(Stored items)
=-=-=-=-=

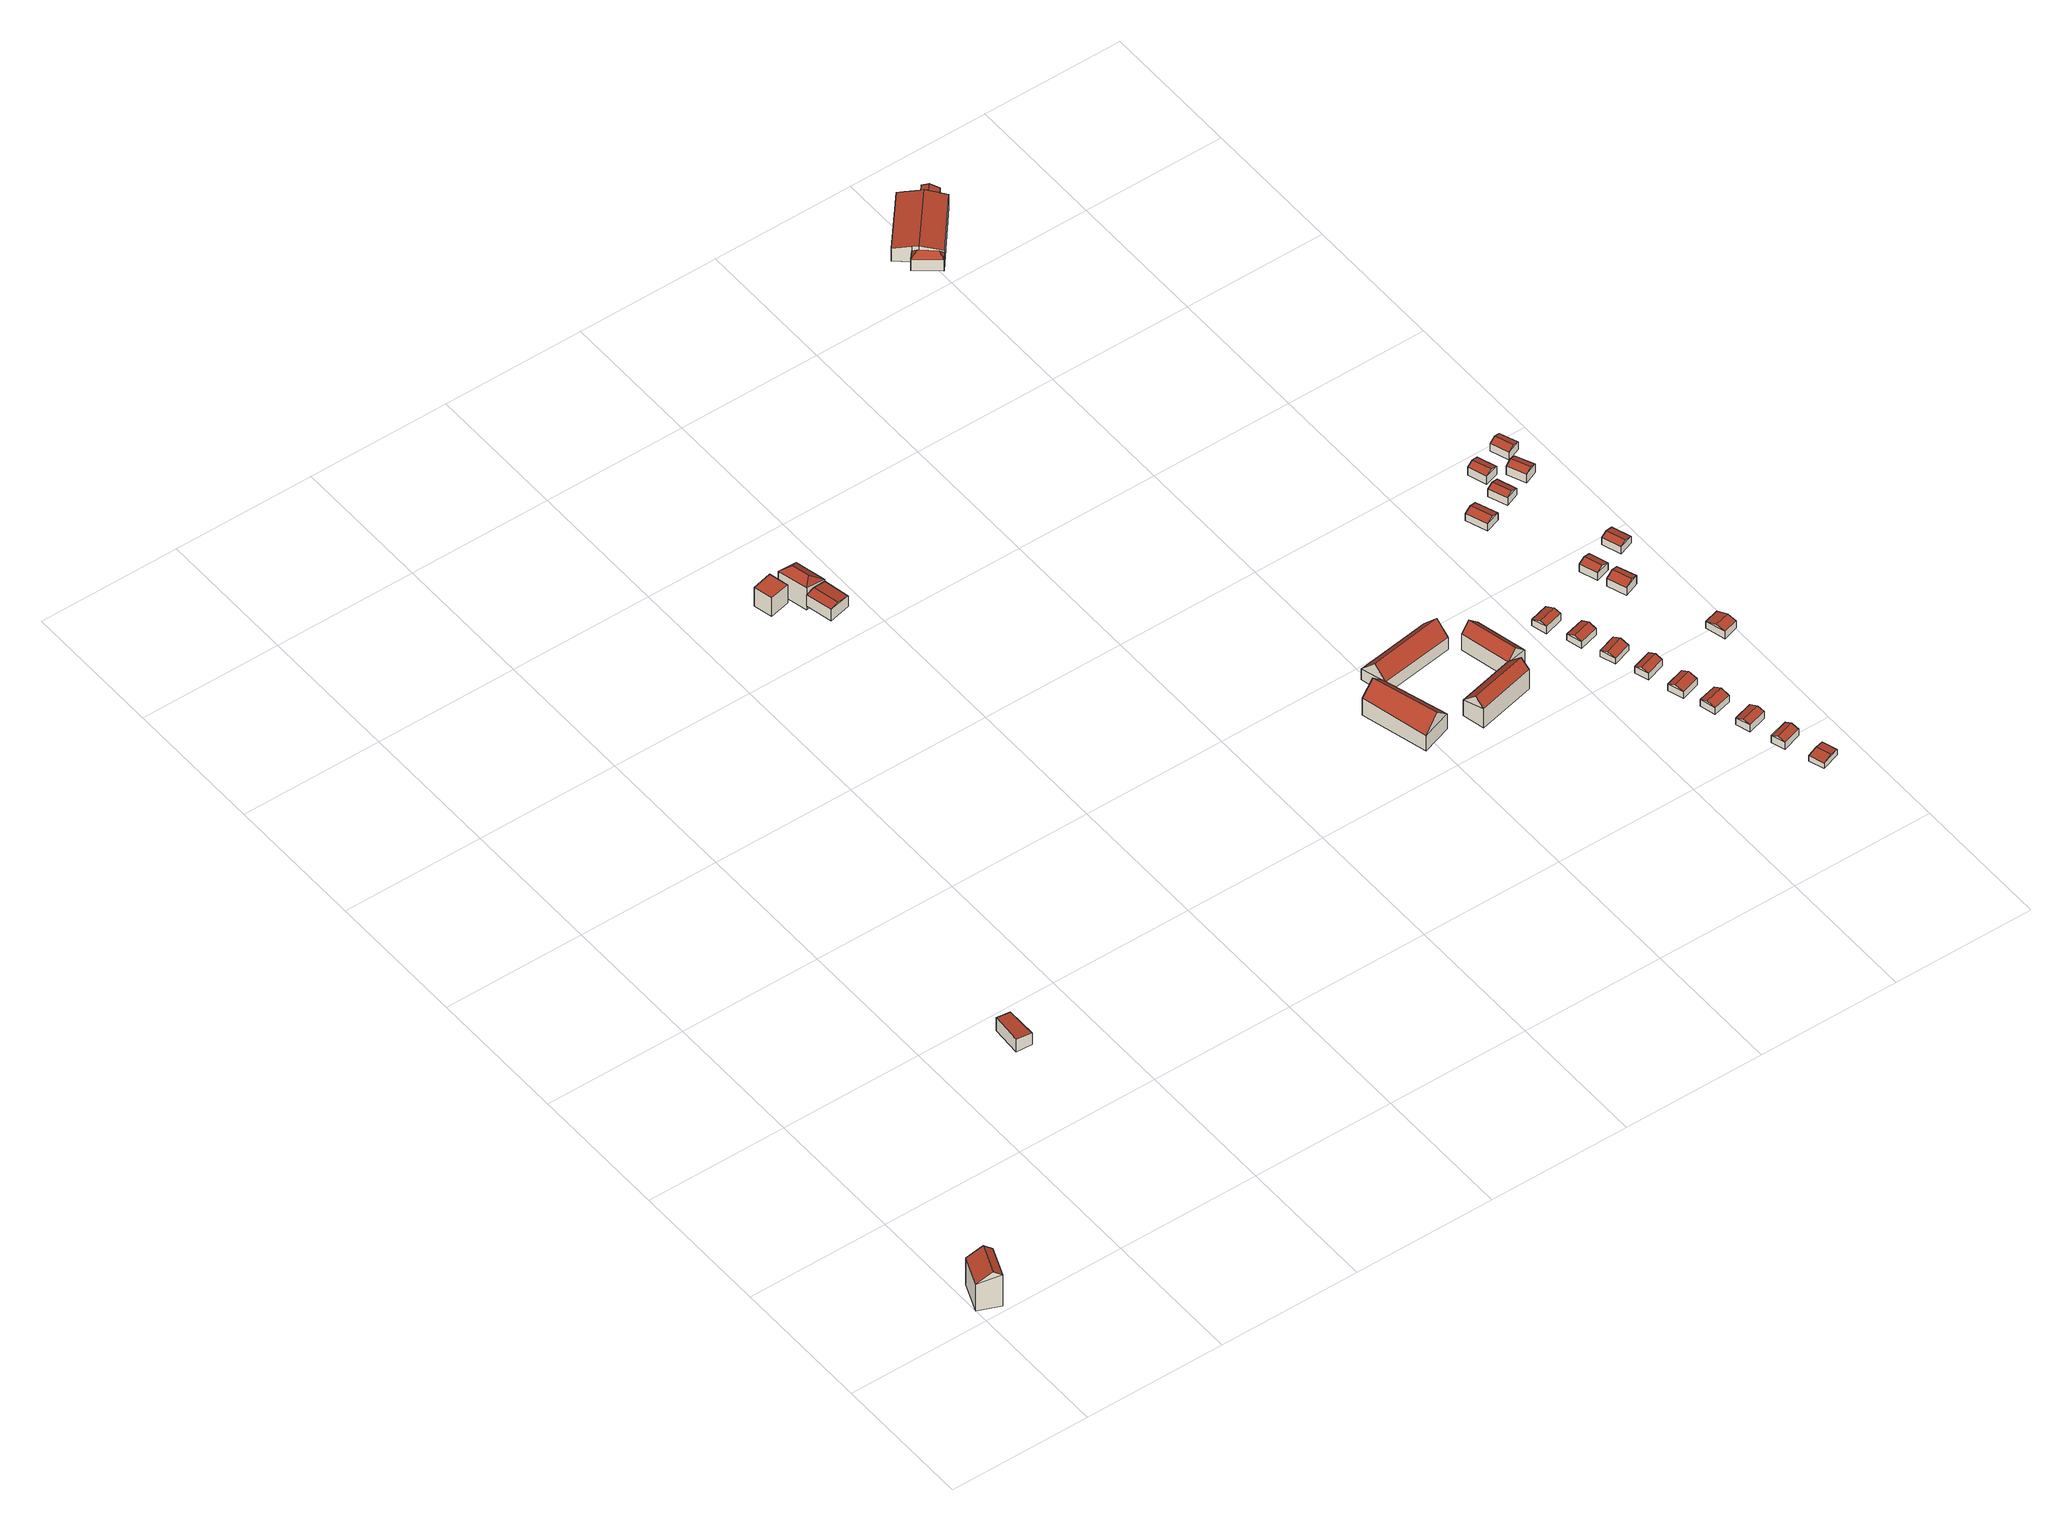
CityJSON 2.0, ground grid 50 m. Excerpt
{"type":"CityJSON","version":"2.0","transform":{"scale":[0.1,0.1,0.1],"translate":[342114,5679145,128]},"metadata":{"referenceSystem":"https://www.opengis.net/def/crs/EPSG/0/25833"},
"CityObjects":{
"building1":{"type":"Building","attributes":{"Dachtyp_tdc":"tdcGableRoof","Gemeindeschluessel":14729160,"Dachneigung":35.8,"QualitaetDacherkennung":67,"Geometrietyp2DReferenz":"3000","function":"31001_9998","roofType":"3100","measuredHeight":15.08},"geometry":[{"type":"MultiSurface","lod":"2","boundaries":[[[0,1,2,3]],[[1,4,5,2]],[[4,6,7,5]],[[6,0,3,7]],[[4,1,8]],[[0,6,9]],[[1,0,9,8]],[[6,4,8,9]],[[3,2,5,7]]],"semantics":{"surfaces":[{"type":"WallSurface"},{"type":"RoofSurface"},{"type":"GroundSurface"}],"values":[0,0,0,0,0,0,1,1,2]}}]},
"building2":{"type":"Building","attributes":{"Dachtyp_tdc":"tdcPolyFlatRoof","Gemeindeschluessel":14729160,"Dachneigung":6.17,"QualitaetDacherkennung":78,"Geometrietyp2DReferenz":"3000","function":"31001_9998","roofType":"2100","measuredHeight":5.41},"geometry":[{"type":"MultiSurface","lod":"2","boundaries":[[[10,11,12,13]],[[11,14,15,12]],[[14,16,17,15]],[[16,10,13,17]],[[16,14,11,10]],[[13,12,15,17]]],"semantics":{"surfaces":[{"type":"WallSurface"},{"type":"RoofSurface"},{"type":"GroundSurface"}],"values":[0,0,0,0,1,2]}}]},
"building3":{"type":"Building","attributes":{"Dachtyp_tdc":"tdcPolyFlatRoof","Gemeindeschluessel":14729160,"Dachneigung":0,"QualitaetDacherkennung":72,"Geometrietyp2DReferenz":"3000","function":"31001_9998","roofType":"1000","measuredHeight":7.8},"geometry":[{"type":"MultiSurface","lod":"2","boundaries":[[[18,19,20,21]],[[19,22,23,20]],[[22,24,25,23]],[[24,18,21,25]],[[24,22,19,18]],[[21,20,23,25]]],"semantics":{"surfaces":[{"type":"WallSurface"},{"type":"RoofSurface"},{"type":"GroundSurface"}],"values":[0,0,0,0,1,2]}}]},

=-=-=-=-=

EXERCISE DESCRIPTION :: Repeat the entries exactly. Any picture is to be left out.

ANSWER SECTION ::
CityJSON 2.0, ground grid 50 m. Excerpt
{"type":"CityJSON","version":"2.0","transform":{"scale":[0.1,0.1,0.1],"translate":[342114,5679145,128]},"metadata":{"referenceSystem":"https://www.opengis.net/def/crs/EPSG/0/25833"},
"CityObjects":{
"building1":{"type":"Building","attributes":{"Dachtyp_tdc":"tdcGableRoof","Gemeindeschluessel":14729160,"Dachneigung":35.8,"QualitaetDacherkennung":67,"Geometrietyp2DReferenz":"3000","function":"31001_9998","roofType":"3100","measuredHeight":15.08},"geometry":[{"type":"MultiSurface","lod":"2","boundaries":[[[0,1,2,3]],[[1,4,5,2]],[[4,6,7,5]],[[6,0,3,7]],[[4,1,8]],[[0,6,9]],[[1,0,9,8]],[[6,4,8,9]],[[3,2,5,7]]],"semantics":{"surfaces":[{"type":"WallSurface"},{"type":"RoofSurface"},{"type":"GroundSurface"}],"values":[0,0,0,0,0,0,1,1,2]}}]},
"building2":{"type":"Building","attributes":{"Dachtyp_tdc":"tdcPolyFlatRoof","Gemeindeschluessel":14729160,"Dachneigung":6.17,"QualitaetDacherkennung":78,"Geometrietyp2DReferenz":"3000","function":"31001_9998","roofType":"2100","measuredHeight":5.41},"geometry":[{"type":"MultiSurface","lod":"2","boundaries":[[[10,11,12,13]],[[11,14,15,12]],[[14,16,17,15]],[[16,10,13,17]],[[16,14,11,10]],[[13,12,15,17]]],"semantics":{"surfaces":[{"type":"WallSurface"},{"type":"RoofSurface"},{"type":"GroundSurface"}],"values":[0,0,0,0,1,2]}}]},
"building3":{"type":"Building","attributes":{"Dachtyp_tdc":"tdcPolyFlatRoof","Gemeindeschluessel":14729160,"Dachneigung":0,"QualitaetDacherkennung":72,"Geometrietyp2DReferenz":"3000","function":"31001_9998","roofType":"1000","measuredHeight":7.8},"geometry":[{"type":"MultiSurface","lod":"2","boundaries":[[[18,19,20,21]],[[19,22,23,20]],[[22,24,25,23]],[[24,18,21,25]],[[24,22,19,18]],[[21,20,23,25]]],"semantics":{"surfaces":[{"type":"WallSurface"},{"type":"RoofSurface"},{"type":"GroundSurface"}],"values":[0,0,0,0,1,2]}}]},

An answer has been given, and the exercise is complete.